◆ Exercise aim
Please count the lines in these records that contain "OutDataTypeStr" and give only that count.

Extracted material Block Start

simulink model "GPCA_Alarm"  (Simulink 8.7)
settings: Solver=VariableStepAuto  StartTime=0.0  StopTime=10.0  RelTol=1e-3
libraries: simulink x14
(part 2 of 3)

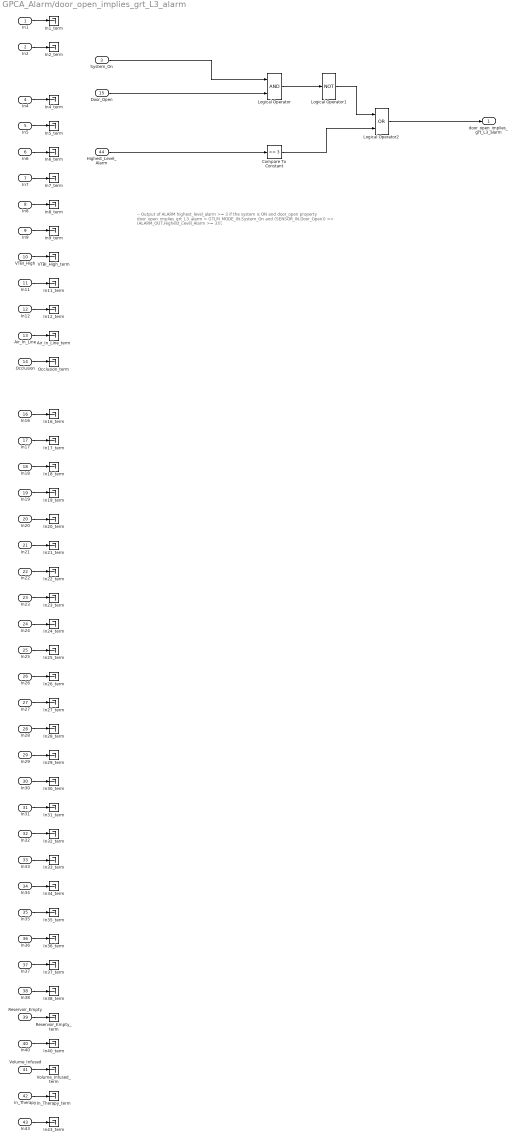
== system GPCA_Alarm/door_open_implies_grt_L3_alarm ==
  note: -- Output of ALARM highest_level_alarm >= 3 if the system is ON and door_open
      | property door_open_implies_grt_L3_alarm =
      | ((TLM_MODE_IN.System_On and (SENSOR_IN.Door_Open)) => (ALARM_OUT.Highest_Level_Alarm >= 3));
  In1 : Inport
  In2 : Inport  Port=2
  System_On : Inport  Port=3
  In4 : Inport  Port=4
  In5 : Inport  Port=5
  In6 : Inport  Port=6
  In7 : Inport  Port=7
  In8 : Inport  Port=8
  In9 : Inport  Port=9
  VTBI_High : Inport  Port=10
  In11 : Inport  Port=11
  In12 : Inport  Port=12
  Air_In_Line : Inport  Port=13
  Occlusion : Inport  Port=14
  Door_Open : Inport  Port=15
  In16 : Inport  Port=16
  In17 : Inport  Port=17
  In18 : Inport  Port=18
  In19 : Inport  Port=19
  In20 : Inport  Port=20
  In21 : Inport  Port=21
  In22 : Inport  Port=22
  In23 : Inport  Port=23
  In24 : Inport  Port=24
  In25 : Inport  Port=25
  In26 : Inport  Port=26
  In27 : Inport  Port=27
  In28 : Inport  Port=28
  In29 : Inport  Port=29
  In30 : Inport  Port=30
  In31 : Inport  Port=31
  In32 : Inport  Port=32
  In33 : Inport  Port=33
  In34 : Inport  Port=34
  In35 : Inport  Port=35
  In36 : Inport  Port=36
  In37 : Inport  Port=37
  In38 : Inport  Port=38
  Reservoir_Empty : Inport  Port=39
  In40 : Inport  Port=40
  Volume_Infused : Inport  Port=41
  In_Therapy : Inport  Port=42
  In43 : Inport  Port=43
  Highest_Level_Alarm : Inport  Port=44
  Air_In_Line_term : Terminator
  Compare To Constant : simulink/Logic and Bit Operations/Compare To Constant  relop=>=  const=3  OutDataTypeStr=boolean
  In11_term : Terminator
  In12_term : Terminator
  In16_term : Terminator
  In17_term : Terminator
  In18_term : Terminator
  In19_term : Terminator
  In1_term : Terminator
  In20_term : Terminator
  In21_term : Terminator
  In22_term : Terminator
  In23_term : Terminator
  In24_term : Terminator
  In25_term : Terminator
  In26_term : Terminator
  In27_term : Terminator
  In28_term : Terminator
  In29_term : Terminator
  In2_term : Terminator
  In30_term : Terminator
  In31_term : Terminator
  In32_term : Terminator
  In33_term : Terminator
  In34_term : Terminator
  In35_term : Terminator
  In36_term : Terminator
  In37_term : Terminator
  In38_term : Terminator
  In40_term : Terminator
  In43_term : Terminator
  In4_term : Terminator
  In5_term : Terminator
  In6_term : Terminator
  In7_term : Terminator
  In8_term : Terminator
  In9_term : Terminator
  In_Therapy_term : Terminator
  Logical Operator : Logic  AllPortsSameDT=off  OutDataTypeStr=boolean
  Logical Operator1 : Logic  Operator=NOT  Inputs=3  AllPortsSameDT=off  OutDataTypeStr=boolean
  Logical Operator2 : Logic  Operator=OR  AllPortsSameDT=off  OutDataTypeStr=boolean
  Occlusion_term : Terminator
  Reservoir_Empty_term : Terminator
  VTBI_High_term : Terminator
  Volume_Infused_term : Terminator
  door_open_implies_grt_L3_alarm : Outport
  wires:
  In1/1 -> In1_term/1
  In2/1 -> In2_term/1
  In4/1 -> In4_term/1
  In5/1 -> In5_term/1
  In6/1 -> In6_term/1
  In7/1 -> In7_term/1
  In8/1 -> In8_term/1
  In9/1 -> In9_term/1
  VTBI_High/1 -> VTBI_High_term/1
  In11/1 -> In11_term/1
  In12/1 -> In12_term/1
  Air_In_Line/1 -> Air_In_Line_term/1
  Occlusion/1 -> Occlusion_term/1
  In16/1 -> In16_term/1
  In17/1 -> In17_term/1
  In18/1 -> In18_term/1
  In19/1 -> In19_term/1
  In20/1 -> In20_term/1
  In21/1 -> In21_term/1
  In22/1 -> In22_term/1
  In23/1 -> In23_term/1
  In24/1 -> In24_term/1
  In25/1 -> In25_term/1
  In26/1 -> In26_term/1
  In27/1 -> In27_term/1
  In28/1 -> In28_term/1
  In29/1 -> In29_term/1
  In30/1 -> In30_term/1
  In31/1 -> In31_term/1
  In32/1 -> In32_term/1
  In33/1 -> In33_term/1
  In34/1 -> In34_term/1
  In35/1 -> In35_term/1
  In36/1 -> In36_term/1
  In37/1 -> In37_term/1
  In38/1 -> In38_term/1
  Reservoir_Empty/1 -> Reservoir_Empty_term/1
  In40/1 -> In40_term/1
  Volume_Infused/1 -> Volume_Infused_term/1
  In_Therapy/1 -> In_Therapy_term/1
  In43/1 -> In43_term/1
  System_On/1 -> Logical Operator/1
  Door_Open/1 -> Logical Operator/2
  Highest_Level_Alarm/1 -> Compare To Constant/1
  Logical Operator/1 -> Logical Operator1/1
  Logical Operator1/1 -> Logical Operator2/1
  Compare To Constant/1 -> Logical Operator2/2
  Logical Operator2/1 -> door_open_implies_grt_L3_alarm/1

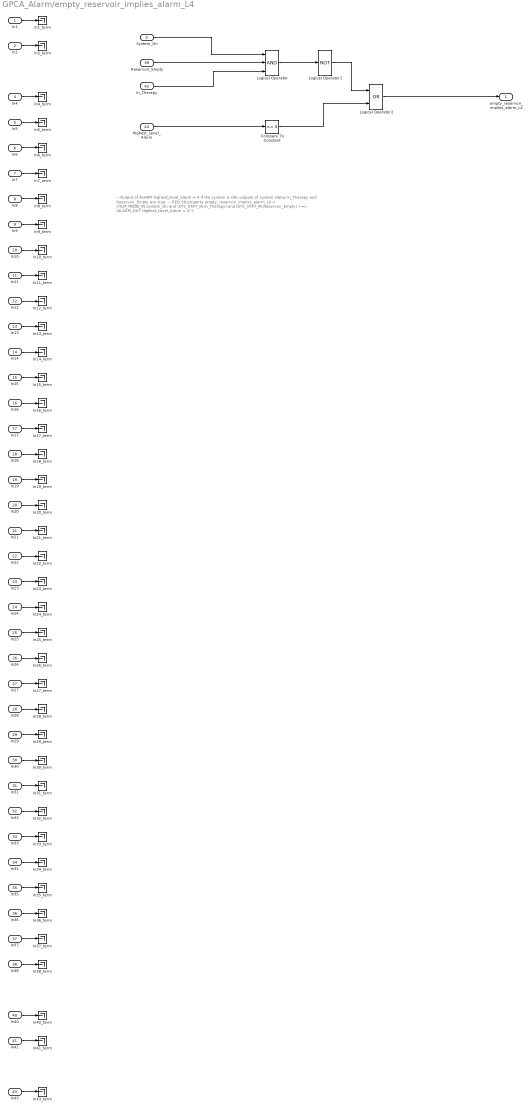
== system GPCA_Alarm/empty_reservoir_implies_alarm_L4 ==
  note: -- Output of ALARM highest_level_alarm = 4 if the system is ON, outputs of system status In_Therapy and Reservoir_Empty are true.
      | -- REQ 59
      | property empty_reservoir_implies_alarm_L4 =
      | ((TLM_MODE_IN.System_On and (SYS_STAT_IN.In_Therapy) and (SYS_STAT_IN.Reservoir_Empty) ) =>
      | (ALARM_OUT.Highest_Level_Alarm = 4) );
  In1 : Inport
  In2 : Inport  Port=2
  System_On : Inport  Port=3
  In4 : Inport  Port=4
  In5 : Inport  Port=5
  In6 : Inport  Port=6
  In7 : Inport  Port=7
  In8 : Inport  Port=8
  In9 : Inport  Port=9
  In10 : Inport  Port=10
  In11 : Inport  Port=11
  In12 : Inport  Port=12
  In13 : Inport  Port=13
  In14 : Inport  Port=14
  In15 : Inport  Port=15
  In16 : Inport  Port=16
  In17 : Inport  Port=17
  In18 : Inport  Port=18
  In19 : Inport  Port=19
  In20 : Inport  Port=20
  In21 : Inport  Port=21
  In22 : Inport  Port=22
  In23 : Inport  Port=23
  In24 : Inport  Port=24
  In25 : Inport  Port=25
  In26 : Inport  Port=26
  In27 : Inport  Port=27
  In28 : Inport  Port=28
  In29 : Inport  Port=29
  In30 : Inport  Port=30
  In31 : Inport  Port=31
  In32 : Inport  Port=32
  In33 : Inport  Port=33
  In34 : Inport  Port=34
  In35 : Inport  Port=35
  In36 : Inport  Port=36
  In37 : Inport  Port=37
  In38 : Inport  Port=38
  Reservoir_Empty : Inport  Port=39
  In40 : Inport  Port=40
  In41 : Inport  Port=41
  In_Therapy : Inport  Port=42
  In43 : Inport  Port=43
  Highest_Level_Alarm : Inport  Port=44
  Compare To Constant : simulink/Logic and Bit Operations/Compare To Constant  relop===  const=4  OutDataTypeStr=boolean
  In10_term : Terminator
  In11_term : Terminator
  In12_term : Terminator
  In13_term : Terminator
  In14_term : Terminator
  In15_term : Terminator
  In16_term : Terminator
  In17_term : Terminator
  In18_term : Terminator
  In19_term : Terminator
  In1_term : Terminator
  In20_term : Terminator
  In21_term : Terminator
  In22_term : Terminator
  In23_term : Terminator
  In24_term : Terminator
  In25_term : Terminator
  In26_term : Terminator
  In27_term : Terminator
  In28_term : Terminator
  In29_term : Terminator
  In2_term : Terminator
  In30_term : Terminator
  In31_term : Terminator
  In32_term : Terminator
  In33_term : Terminator
  In34_term : Terminator
  In35_term : Terminator
  In36_term : Terminator
  In37_term : Terminator
  In38_term : Terminator
  In40_term : Terminator
  In41_term : Terminator
  In43_term : Terminator
  In4_term : Terminator
  In5_term : Terminator
  In6_term : Terminator
  In7_term : Terminator
  In8_term : Terminator
  In9_term : Terminator
  Logical Operator : Logic  Inputs=3  AllPortsSameDT=off  OutDataTypeStr=boolean
  Logical Operator1 : Logic  Operator=NOT  Inputs=3  AllPortsSameDT=off  OutDataTypeStr=boolean
  Logical Operator2 : Logic  Operator=OR  AllPortsSameDT=off  OutDataTypeStr=boolean
  empty_reservoir_implies_alarm_L4 : Outport
  wires:
  In1/1 -> In1_term/1
  In2/1 -> In2_term/1
  System_On/1 -> Logical Operator/1
  In4/1 -> In4_term/1
  In5/1 -> In5_term/1
  In6/1 -> In6_term/1
  In7/1 -> In7_term/1
  In8/1 -> In8_term/1
  In9/1 -> In9_term/1
  In10/1 -> In10_term/1
  In11/1 -> In11_term/1
  In12/1 -> In12_term/1
  In13/1 -> In13_term/1
  In14/1 -> In14_term/1
  In15/1 -> In15_term/1
  In16/1 -> In16_term/1
  In17/1 -> In17_term/1
  In18/1 -> In18_term/1
  In19/1 -> In19_term/1
  In20/1 -> In20_term/1
  In21/1 -> In21_term/1
  In22/1 -> In22_term/1
  In23/1 -> In23_term/1
  In24/1 -> In24_term/1
  In25/1 -> In25_term/1
  In26/1 -> In26_term/1
  In27/1 -> In27_term/1
  In28/1 -> In28_term/1
  In29/1 -> In29_term/1
  In30/1 -> In30_term/1
  In31/1 -> In31_term/1
  In32/1 -> In32_term/1
  In33/1 -> In33_term/1
  In34/1 -> In34_term/1
  In35/1 -> In35_term/1
  In36/1 -> In36_term/1
  In37/1 -> In37_term/1
  In38/1 -> In38_term/1
  Reservoir_Empty/1 -> Logical Operator/2
  In40/1 -> In40_term/1
  In41/1 -> In41_term/1
  In_Therapy/1 -> Logical Operator/3
  In43/1 -> In43_term/1
  Highest_Level_Alarm/1 -> Compare To Constant/1
  Logical Operator/1 -> Logical Operator1/1
  Logical Operator1/1 -> Logical Operator2/1
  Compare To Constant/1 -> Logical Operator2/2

Extracted material Block End

◆ Reply
8